Segment Start: GIVEN RECORDS

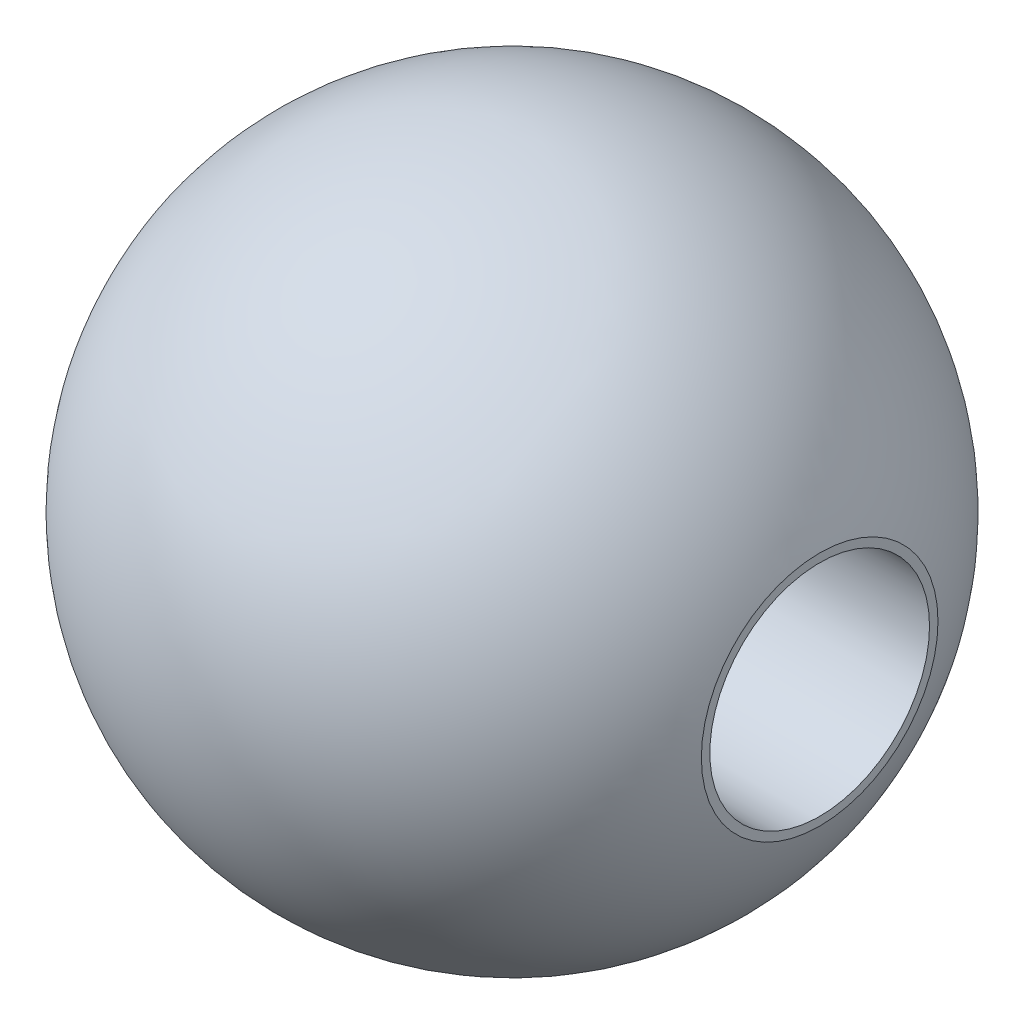
SolidWorks part; units mm, degrees
ref_plane "Front Plane" through (0, 0, 0) normal (0, 0, 1) x (1, 0, 0)
ref_plane "Top Plane" through (0, 0, 0) normal (0, 1, 0) x (1, 0, 0)
ref_plane "Right Plane" through (0, 0, 0) normal (1, 0, 0) x (0, 0, -1)
sketch "Sketch1" plane through (0, 0, 0) normal (0, 1, 0) x (1, 0, 0)
  line L0 (-14, 0) -> (14, 0) construction
  line L1 (-14, 0) -> (-14, 5.3852)
  line L2 (0, 0) -> (0, 19.4953) construction
  line L3 (14, 0) -> (14, 5.3852)
  line L4 (-14, 0) -> (14, 0)
  arc A1 (14, 5.3852) -> (-14, 5.3852) centre (0, 0) ccw
  dimension "D1" = 14
revolve "Revolve1" add sketch "Sketch1" angle 360 about L4
sketch "Sketch2" plane through (14, 0, 0) normal (1, 0, 0) x (0, 0, -1)
  circle A0 centre (0, 0) radius 5
extrude "Cut-Extrude1" cut sketch "Sketch2" against normal through all

Segment End: GIVEN RECORDS

> _YOUR GOAL_
Write out all of the data above exactly, without any of its pictures.

> _OUTPUT BELOW_
SolidWorks part; units mm, degrees
ref_plane "Front Plane" through (0, 0, 0) normal (0, 0, 1) x (1, 0, 0)
ref_plane "Top Plane" through (0, 0, 0) normal (0, 1, 0) x (1, 0, 0)
ref_plane "Right Plane" through (0, 0, 0) normal (1, 0, 0) x (0, 0, -1)
sketch "Sketch1" plane through (0, 0, 0) normal (0, 1, 0) x (1, 0, 0)
  line L0 (-14, 0) -> (14, 0) construction
  line L1 (-14, 0) -> (-14, 5.3852)
  line L2 (0, 0) -> (0, 19.4953) construction
  line L3 (14, 0) -> (14, 5.3852)
  line L4 (-14, 0) -> (14, 0)
  arc A1 (14, 5.3852) -> (-14, 5.3852) centre (0, 0) ccw
  dimension "D1" = 14
revolve "Revolve1" add sketch "Sketch1" angle 360 about L4
sketch "Sketch2" plane through (14, 0, 0) normal (1, 0, 0) x (0, 0, -1)
  circle A0 centre (0, 0) radius 5
extrude "Cut-Extrude1" cut sketch "Sketch2" against normal through all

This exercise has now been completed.